James v. Board of Trustees

732 A.2d 517, 323 N.J. Super. 100, 1999 N.J. Super. LEXIS 246
CourtNew Jersey Superior Court Appellate Division
DecidedApril 20, 1999
StatusPublished
Cited by2 cases

This text of 732 A.2d 517 (James v. Board of Trustees) is published on Counsel Stack Legal Research, covering New Jersey Superior Court Appellate Division primary law. Counsel Stack provides free access to over 12 million legal documents including statutes, case law, regulations, and constitutions.

Bluebook
James v. Board of Trustees, 732 A.2d 517, 323 N.J. Super. 100, 1999 N.J. Super. LEXIS 246 (N.J. Ct. App. 1999).

Opinion

The opinion of the court was delivered by

WECKER, J.A.D.

Petitioner, Annie James, appeals from a final administrative determination of the Board of Trustees of the Public Employees’ Retirement System (PERS) denying her request to file an application for an accidental disability retirement pension pursuant to N.J.S.A. 43:15A-43. That statute permits “[a] member” who is less than 65 and who is “permanently and totally disabled as a direct result of a traumatic event occurring during and as a result of the performance of his regular or assigned duties,” to receive an accidental disability retirement pension. Petitioner applied for such a pension on February 21, 1997. However, the Board adopted the initial decision of the AL J holding that her application was properly refused by the Division of Pensions because it was untimely. We agree and therefore affirm.
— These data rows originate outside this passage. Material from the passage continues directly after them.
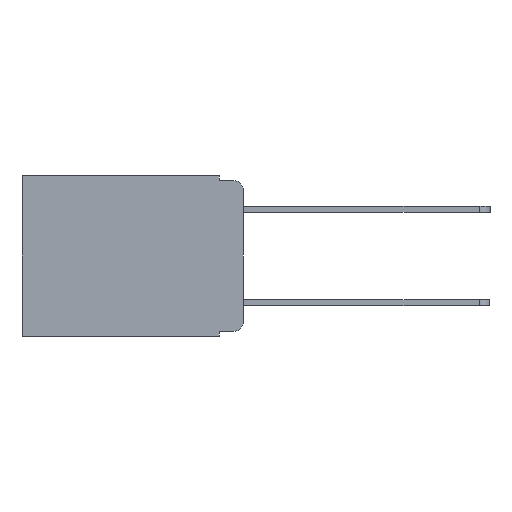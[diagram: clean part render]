
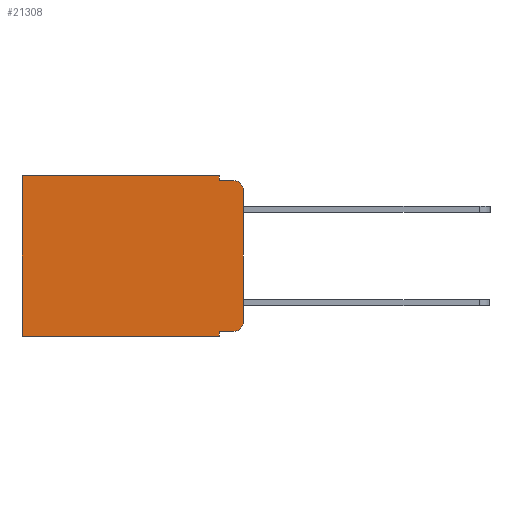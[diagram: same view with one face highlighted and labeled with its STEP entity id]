
A CAD part, left-side view. The second image highlights one B-rep face of the part: STEP entity #21308.
In plain terms, the highlighted planar face has unit normal (-1, 0, 0).
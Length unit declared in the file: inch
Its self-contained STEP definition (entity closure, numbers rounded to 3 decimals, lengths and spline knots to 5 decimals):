
#150 = ORIENTED_EDGE ( 'NONE', *, *, #13604, .T. ) ;
#269 = CIRCLE ( 'NONE', #19956, 0.02 ) ;
#322 = LINE ( 'NONE', #13869, #4516 ) ;
#455 = ORIENTED_EDGE ( 'NONE', *, *, #9913, .F. ) ;
#499 = VERTEX_POINT ( 'NONE', #6871 ) ;
#731 = DIRECTION ( 'NONE',  ( 1., 0., 0. ) ) ;
#1073 = EDGE_LOOP ( 'NONE', ( #4623, #150, #455, #2721, #19731, #3815, #5714, #8399, #11310, #14657 ) ) ;
#1777 = DIRECTION ( 'NONE',  ( 0., 1., 0. ) ) ;
#2646 = EDGE_CURVE ( 'NONE', #3853, #499, #16536, .T. ) ;
#2721 = ORIENTED_EDGE ( 'NONE', *, *, #18321, .F. ) ;
#2859 = VECTOR ( 'NONE', #15336, 39.37008 ) ;
#2953 = EDGE_CURVE ( 'NONE', #6783, #499, #16275, .T. ) ;
#3092 = EDGE_CURVE ( 'NONE', #6439, #6783, #322, .T. ) ;
#3455 = DIRECTION ( 'NONE',  ( 0., 0., -1. ) ) ;
#3528 = CARTESIAN_POINT ( 'NONE',  ( 0.298, 0.02, -0.01 ) ) ;
#3669 = CARTESIAN_POINT ( 'NONE',  ( 0.298, 0.051, -0.01 ) ) ;
#3815 = ORIENTED_EDGE ( 'NONE', *, *, #2953, .T. ) ;
#3853 = VERTEX_POINT ( 'NONE', #13077 ) ;
#3883 = FACE_OUTER_BOUND ( 'NONE', #1073, .T. ) ;
#4140 = CARTESIAN_POINT ( 'NONE',  ( 0.298, 0., 0. ) ) ;
#4377 = CARTESIAN_POINT ( 'NONE',  ( 0.298, 0.473, 0. ) ) ;
#4507 = LINE ( 'NONE', #7659, #13080 ) ;
#4516 = VECTOR ( 'NONE', #1777, 39.37008 ) ;
#4556 = EDGE_CURVE ( 'NONE', #14593, #15749, #12804, .T. ) ;
#4623 = ORIENTED_EDGE ( 'NONE', *, *, #4556, .F. ) ;
#5355 = VERTEX_POINT ( 'NONE', #8635 ) ;
#5612 = AXIS2_PLACEMENT_3D ( 'NONE', #21134, #731, #12871 ) ;
#5714 = ORIENTED_EDGE ( 'NONE', *, *, #2646, .F. ) ;
#5867 = LINE ( 'NONE', #20890, #9889 ) ;
#5989 = VERTEX_POINT ( 'NONE', #18374 ) ;
#6439 = VERTEX_POINT ( 'NONE', #14465 ) ;
#6626 = CARTESIAN_POINT ( 'NONE',  ( 0.298, 0., -0.313 ) ) ;
#6761 = LINE ( 'NONE', #3669, #15298 ) ;
#6783 = VERTEX_POINT ( 'NONE', #9797 ) ;
#6871 = CARTESIAN_POINT ( 'NONE',  ( 0.298, 0.473, -0.343 ) ) ;
#7255 = CARTESIAN_POINT ( 'NONE',  ( 0.298, 0.02, -0.313 ) ) ;
#7659 = CARTESIAN_POINT ( 'NONE',  ( 0.298, 0.051, 0. ) ) ;
#8399 = ORIENTED_EDGE ( 'NONE', *, *, #11950, .F. ) ;
#8635 = CARTESIAN_POINT ( 'NONE',  ( 0.298, 0.051, -0.333 ) ) ;
#8911 = LINE ( 'NONE', #19642, #12881 ) ;
#8984 = DIRECTION ( 'NONE',  ( 0., 0., -1. ) ) ;
#9671 = CARTESIAN_POINT ( 'NONE',  ( 0.298, 0.051, -0.01 ) ) ;
#9797 = CARTESIAN_POINT ( 'NONE',  ( 0.298, 0.473, 0. ) ) ;
#9889 = VECTOR ( 'NONE', #15956, 39.37008 ) ;
#9913 = EDGE_CURVE ( 'NONE', #16735, #11783, #6761, .T. ) ;
#10349 = CARTESIAN_POINT ( 'NONE',  ( 0.298, 0.02, -0.03 ) ) ;
#11310 = ORIENTED_EDGE ( 'NONE', *, *, #19579, .T. ) ;
#11414 = DIRECTION ( 'NONE',  ( 0., -1., 0. ) ) ;
#11783 = VERTEX_POINT ( 'NONE', #3528 ) ;
#11950 = EDGE_CURVE ( 'NONE', #5355, #3853, #5867, .T. ) ;
#12050 = DIRECTION ( 'NONE',  ( 0., 0., -1. ) ) ;
#12278 = VECTOR ( 'NONE', #3455, 39.37008 ) ;
#12314 = VECTOR ( 'NONE', #14639, 39.37008 ) ;
#12804 = LINE ( 'NONE', #4140, #12278 ) ;
#12871 = DIRECTION ( 'NONE',  ( 0., 0., -1. ) ) ;
#12881 = VECTOR ( 'NONE', #11414, 39.37008 ) ;
#13077 = CARTESIAN_POINT ( 'NONE',  ( 0.298, 0.051, -0.343 ) ) ;
#13080 = VECTOR ( 'NONE', #17763, 39.37008 ) ;
#13604 = EDGE_CURVE ( 'NONE', #14593, #11783, #14882, .T. ) ;
#13869 = CARTESIAN_POINT ( 'NONE',  ( 0.298, 0., 0. ) ) ;
#13909 = AXIS2_PLACEMENT_3D ( 'NONE', #10349, #21964, #12050 ) ;
#14465 = CARTESIAN_POINT ( 'NONE',  ( 0.298, 0.051, 0. ) ) ;
#14593 = VERTEX_POINT ( 'NONE', #21977 ) ;
#14639 = DIRECTION ( 'NONE',  ( 0., 0., -1. ) ) ;
#14657 = ORIENTED_EDGE ( 'NONE', *, *, #18791, .T. ) ;
#14882 = CIRCLE ( 'NONE', #13909, 0.02 ) ;
#15298 = VECTOR ( 'NONE', #18965, 39.37008 ) ;
#15336 = DIRECTION ( 'NONE',  ( 0., 1., 0. ) ) ;
#15749 = VERTEX_POINT ( 'NONE', #6626 ) ;
#15956 = DIRECTION ( 'NONE',  ( 0., 0., -1. ) ) ;
#16275 = LINE ( 'NONE', #4377, #12314 ) ;
#16536 = LINE ( 'NONE', #17004, #2859 ) ;
#16735 = VERTEX_POINT ( 'NONE', #9671 ) ;
#17004 = CARTESIAN_POINT ( 'NONE',  ( 0.298, 0., -0.343 ) ) ;
#17763 = DIRECTION ( 'NONE',  ( 0., 0., -1. ) ) ;
#18321 = EDGE_CURVE ( 'NONE', #6439, #16735, #4507, .T. ) ;
#18374 = CARTESIAN_POINT ( 'NONE',  ( 0.298, 0.02, -0.333 ) ) ;
#18791 = EDGE_CURVE ( 'NONE', #5989, #15749, #269, .T. ) ;
#18965 = DIRECTION ( 'NONE',  ( 0., -1., 0. ) ) ;
#19021 = DIRECTION ( 'NONE',  ( -1., 0., 0. ) ) ;
#19500 = PLANE ( 'NONE',  #5612 ) ;
#19579 = EDGE_CURVE ( 'NONE', #5355, #5989, #8911, .T. ) ;
#19642 = CARTESIAN_POINT ( 'NONE',  ( 0.298, 0.051, -0.333 ) ) ;
#19731 = ORIENTED_EDGE ( 'NONE', *, *, #3092, .T. ) ;
#19956 = AXIS2_PLACEMENT_3D ( 'NONE', #7255, #19021, #8984 ) ;
#20890 = CARTESIAN_POINT ( 'NONE',  ( 0.298, 0.051, 0. ) ) ;
#21134 = CARTESIAN_POINT ( 'NONE',  ( 0.298, 0., 0. ) ) ;
#21308 = ADVANCED_FACE ( 'NONE', ( #3883 ), #19500, .F. ) ;
#21964 = DIRECTION ( 'NONE',  ( -1., 0., 0. ) ) ;
#21977 = CARTESIAN_POINT ( 'NONE',  ( 0.298, 0., -0.03 ) ) ;

Petitioner was employed at the Woodbridge Development Center from May 30, 1979, until she was terminated for abandoning her job on December 8, 1994. Her termination was affirmed by [102]*102the Merit System Board in August 1996 on the recommendation of an ALJ, and petitioner did not appeal that decision. James had been injured on the job on May 4,1994, and was granted extended sick leave and additional unpaid leave authorized through November 30,1994. When she did not return to work for five days after November 30, she was terminated. Pension contributions were made to her account through December 31,1994.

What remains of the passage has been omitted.